第65話 孤児院の子供たちとドワーフ

「ほーら、クッキーですよ。アーサー様からがんばっている皆さんへの差し入れです」

「「わーい」」



 孤児院に到着しケイがお土産であるクッキーを配り始めると休憩時間がはじまる。勉強で疲れた頭には甘いものがよく効く……ここ最近勉強を頑張っているアーサーもそれがわかっていたので気を利かせたのである。

 そう、決してケイを喜ばせようと調子に乗って買ったが、量が多すぎて賞味期限がやばくなったいうわけではないのだ。



「アーサー様はお優しいですね。子供たちに差し入れをくださるなんて」

「ん? ああ、甘いものは子供たちも大好きだし、食べ物は大事にしないといけないしな……」



 前の人生での牢獄での生活を思い出し、ついつい眉をしかめる。あの時はひどかった。革命軍の嫌がらせなのか、具のないスープにかびた固いパンなどばかりだったのだ。

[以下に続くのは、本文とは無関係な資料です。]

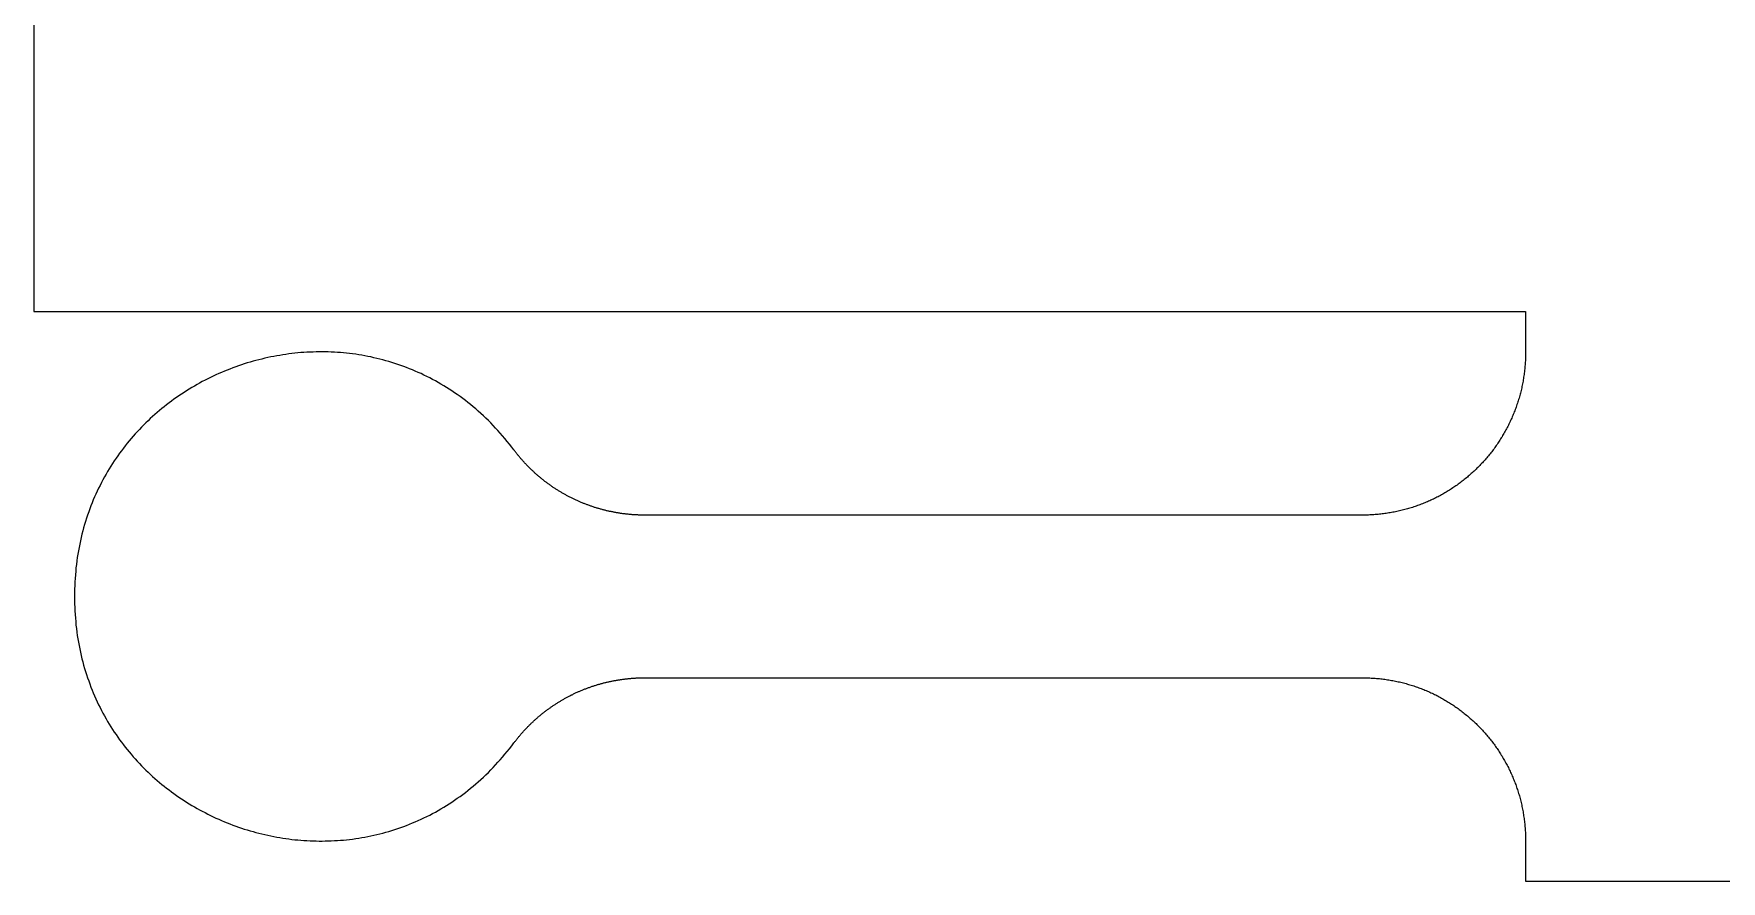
# Model space of a CAD drawing. Extents: x -13 to 43.9, y 40.3 to 95.3.
# Drawn here: x -13 to 7.73, y 40.25 to 50.67 of the extents above; entities that cross this region are included whole.
import ezdxf

# ---------------------------------------------------------------- set-up
doc = ezdxf.new("R2010")
doc.units = 0
doc.layers.get('0').update_dxf_attribs({"linetype": 'CONTINUOUS'})

msp = doc.modelspace()

# ---------------------------------------------------------------- linework, layer by layer
at = {"color": 7}
for points in [[(5.328, 40.75), (5.328, 40.25), (33.896, 40.25), (33.896, 47.25), (40.796, 47.25), (40.796, 60.3), (43.896, 60.3), (43.896, 75.2), (40.796, 75.2), (40.796, 95.25), (36.328, 95.25), (36.328, 94.75)], [(-13, 92.25), (-13, 47.25), (5.328, 47.25), (5.328, 46.75)], [(-9.569, 46.754), (-9.606, 46.753), (-9.644, 46.751), (-9.681, 46.749), (-9.718, 46.746), (-9.756, 46.742), (-9.793, 46.739), (-9.83, 46.735), (-9.867, 46.73), (-9.904, 46.725), (-9.941, 46.719), (-9.978, 46.713), (-10.015, 46.707), (-10.051, 46.7), (-10.088, 46.693), (-10.125, 46.685), (-10.161, 46.677), (-10.197, 46.668), (-10.234, 46.659), (-10.27, 46.65), (-10.306, 46.64), (-10.342, 46.63), (-10.378, 46.619), (-10.413, 46.608), (-10.449, 46.596)], [(-8.674, 46.647), (-8.71, 46.657), (-8.747, 46.667), (-8.784, 46.676), (-8.821, 46.684), (-8.858, 46.693), (-8.895, 46.7), (-8.932, 46.707), (-8.97, 46.714), (-9.007, 46.72), (-9.044, 46.726), (-9.082, 46.731), (-9.119, 46.735), (-9.156, 46.739), (-9.194, 46.743), (-9.231, 46.746), (-9.269, 46.749), (-9.306, 46.751), (-9.344, 46.753), (-9.381, 46.755), (-9.419, 46.755), (-9.456, 46.756), (-9.494, 46.756), (-9.531, 46.755), (-9.569, 46.754)], [(5.328, 46.75), (5.328, 46.733), (5.328, 46.716), (5.328, 46.698), (5.327, 46.681), (5.327, 46.664), (5.326, 46.647), (5.325, 46.63), (5.324, 46.613), (5.323, 46.596), (5.321, 46.579), (5.32, 46.562), (5.318, 46.546), (5.316, 46.529), (5.314, 46.512), (5.312, 46.495), (5.31, 46.479), (5.308, 46.462), (5.305, 46.445), (5.303, 46.429), (5.3, 46.412), (5.297, 46.396), (5.294, 46.38), (5.291, 46.363), (5.288, 46.347)], [(-10.449, 46.596), (-10.484, 46.584), (-10.519, 46.572), (-10.554, 46.559), (-10.589, 46.545), (-10.624, 46.532), (-10.658, 46.518), (-10.693, 46.503), (-10.727, 46.488), (-10.761, 46.473), (-10.795, 46.457), (-10.829, 46.441), (-10.862, 46.424), (-10.896, 46.407), (-10.929, 46.39), (-10.962, 46.372), (-10.994, 46.354), (-11.027, 46.336), (-11.059, 46.317), (-11.091, 46.297), (-11.123, 46.277), (-11.154, 46.257), (-11.186, 46.237), (-11.217, 46.216), (-11.247, 46.195)], [(-7.829, 46.253), (-7.862, 46.276), (-7.896, 46.298), (-7.929, 46.319), (-7.963, 46.34), (-7.997, 46.36), (-8.032, 46.38), (-8.066, 46.399), (-8.101, 46.418), (-8.135, 46.436), (-8.17, 46.454), (-8.206, 46.471), (-8.241, 46.488), (-8.276, 46.504), (-8.312, 46.519), (-8.347, 46.534), (-8.383, 46.549), (-8.419, 46.563), (-8.455, 46.577), (-8.491, 46.59), (-8.528, 46.602), (-8.564, 46.614), (-8.6, 46.626), (-8.637, 46.637), (-8.674, 46.647)], [(-7.1, 45.55), (-7.127, 45.586), (-7.155, 45.621), (-7.182, 45.656), (-7.211, 45.69), (-7.239, 45.723), (-7.268, 45.756), (-7.297, 45.788), (-7.326, 45.82), (-7.356, 45.851), (-7.385, 45.882), (-7.415, 45.912), (-7.446, 45.942), (-7.476, 45.971), (-7.507, 45.999), (-7.538, 46.027), (-7.57, 46.054), (-7.601, 46.081), (-7.633, 46.107), (-7.665, 46.133), (-7.697, 46.158), (-7.73, 46.183), (-7.763, 46.207), (-7.796, 46.23), (-7.829, 46.253)], [(5.288, 46.347), (5.284, 46.331), (5.281, 46.314), (5.277, 46.298), (5.273, 46.282), (5.27, 46.266), (5.265, 46.25), (5.261, 46.234), (5.257, 46.218), (5.253, 46.202), (5.248, 46.187), (5.243, 46.171), (5.239, 46.155), (5.234, 46.14), (5.229, 46.124), (5.223, 46.109), (5.218, 46.093), (5.213, 46.078), (5.207, 46.062), (5.201, 46.047), (5.196, 46.032), (5.19, 46.017), (5.184, 46.002), (5.178, 45.986), (5.171, 45.972)], [(-11.247, 46.195), (-11.278, 46.173), (-11.308, 46.151), (-11.338, 46.128), (-11.368, 46.106), (-11.397, 46.082), (-11.427, 46.059), (-11.456, 46.035), (-11.484, 46.01), (-11.513, 45.986), (-11.541, 45.961), (-11.568, 45.935), (-11.596, 45.909), (-11.623, 45.883), (-11.65, 45.857), (-11.676, 45.83), (-11.702, 45.803), (-11.728, 45.775), (-11.754, 45.747), (-11.779, 45.719), (-11.804, 45.69), (-11.828, 45.661), (-11.852, 45.632), (-11.876, 45.602), (-11.899, 45.572)], [(5.171, 45.972), (5.165, 45.957), (5.158, 45.942), (5.152, 45.927), (5.145, 45.912), (5.138, 45.898), (5.131, 45.883), (5.124, 45.868), (5.117, 45.854), (5.11, 45.839), (5.102, 45.825), (5.095, 45.811), (5.087, 45.797), (5.079, 45.783), (5.071, 45.768), (5.063, 45.754), (5.055, 45.741), (5.047, 45.727), (5.039, 45.713), (5.03, 45.699), (5.022, 45.686), (5.013, 45.672), (5.005, 45.659), (4.996, 45.645), (4.987, 45.632)], [(4.987, 45.632), (4.978, 45.619), (4.969, 45.605), (4.959, 45.592), (4.95, 45.579), (4.941, 45.566), (4.931, 45.553), (4.921, 45.541), (4.912, 45.528), (4.902, 45.515), (4.892, 45.503), (4.882, 45.49), (4.872, 45.478), (4.861, 45.465), (4.851, 45.453), (4.841, 45.441), (4.83, 45.429), (4.82, 45.417), (4.809, 45.405), (4.798, 45.393), (4.787, 45.382), (4.776, 45.37), (4.765, 45.359), (4.754, 45.347), (4.743, 45.336)], [(-11.899, 45.572), (-11.922, 45.541), (-11.945, 45.511), (-11.967, 45.479), (-11.989, 45.448), (-12.011, 45.416), (-12.032, 45.384), (-12.052, 45.352), (-12.073, 45.319), (-12.092, 45.286), (-12.112, 45.252), (-12.131, 45.218), (-12.15, 45.184), (-12.168, 45.15), (-12.186, 45.115), (-12.203, 45.08), (-12.22, 45.044), (-12.236, 45.009), (-12.252, 44.973), (-12.268, 44.936), (-12.283, 44.9), (-12.298, 44.863), (-12.312, 44.825), (-12.325, 44.788), (-12.339, 44.75)], [(-6.949, 45.371), (-6.955, 45.378), (-6.962, 45.385), (-6.969, 45.392), (-6.975, 45.399), (-6.982, 45.407), (-6.988, 45.414), (-6.995, 45.421), (-7.001, 45.428), (-7.008, 45.436), (-7.014, 45.443), (-7.02, 45.451), (-7.027, 45.458), (-7.033, 45.465), (-7.039, 45.473), (-7.045, 45.481), (-7.052, 45.488), (-7.058, 45.496), (-7.064, 45.503), (-7.07, 45.511), (-7.076, 45.519), (-7.082, 45.527), (-7.088, 45.534), (-7.094, 45.542), (-7.1, 45.55)], [(-6.779, 45.213), (-6.787, 45.219), (-6.794, 45.225), (-6.801, 45.231), (-6.809, 45.237), (-6.816, 45.244), (-6.823, 45.25), (-6.83, 45.257), (-6.838, 45.263), (-6.845, 45.27), (-6.852, 45.276), (-6.859, 45.283), (-6.866, 45.289), (-6.873, 45.296), (-6.88, 45.302), (-6.887, 45.309), (-6.894, 45.316), (-6.901, 45.323), (-6.908, 45.329), (-6.915, 45.336), (-6.922, 45.343), (-6.928, 45.35), (-6.935, 45.357), (-6.942, 45.364), (-6.949, 45.371)], [(-6.594, 45.076), (-6.602, 45.081), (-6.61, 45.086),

 貴族の中には豪華な食事をたくさん作られて、残したりすることこそが自らの富を象徴するという美徳だという人間もいるがアーサーは違うのである。

 


「ふふ、そうですね……確かに食べ物は大事です。流石ですね、アーサー様」

「ん……? ああ、そうだな」



 なぜか意味ありげに眼鏡をくいっとやるエリンを不思議に思うがとりあえずうなづいておく。そして、そんな二人の間が話していると、孤児院の扉が開いた。



「くっそーーなんでうまくいかないんだよ、もうちょっとだと思ったのになぁ」

「当たり前だろうが、俺たちの技術がそんな簡単にできてたまるか!!」



 ドワーフのゲイルと、イースに二、三人の子供たちがしゃべっているのが目に入る。彼らはベディの作ったマニュアルをもとにドワーフの技術を学んでいるのだ。

 


「あ、アーサー様じゃん。ちゃんと勉強しているから安心してくれよな、いつかあんたのアクセサリーでも作らせてくれよ」



 アーサーをみかけたイースが嬉しそうにだけど、気安い感じで声をあげるとエリンの眉がぴくりと動きアーサーを見つめる。まるでどう反応するかを試すかのように……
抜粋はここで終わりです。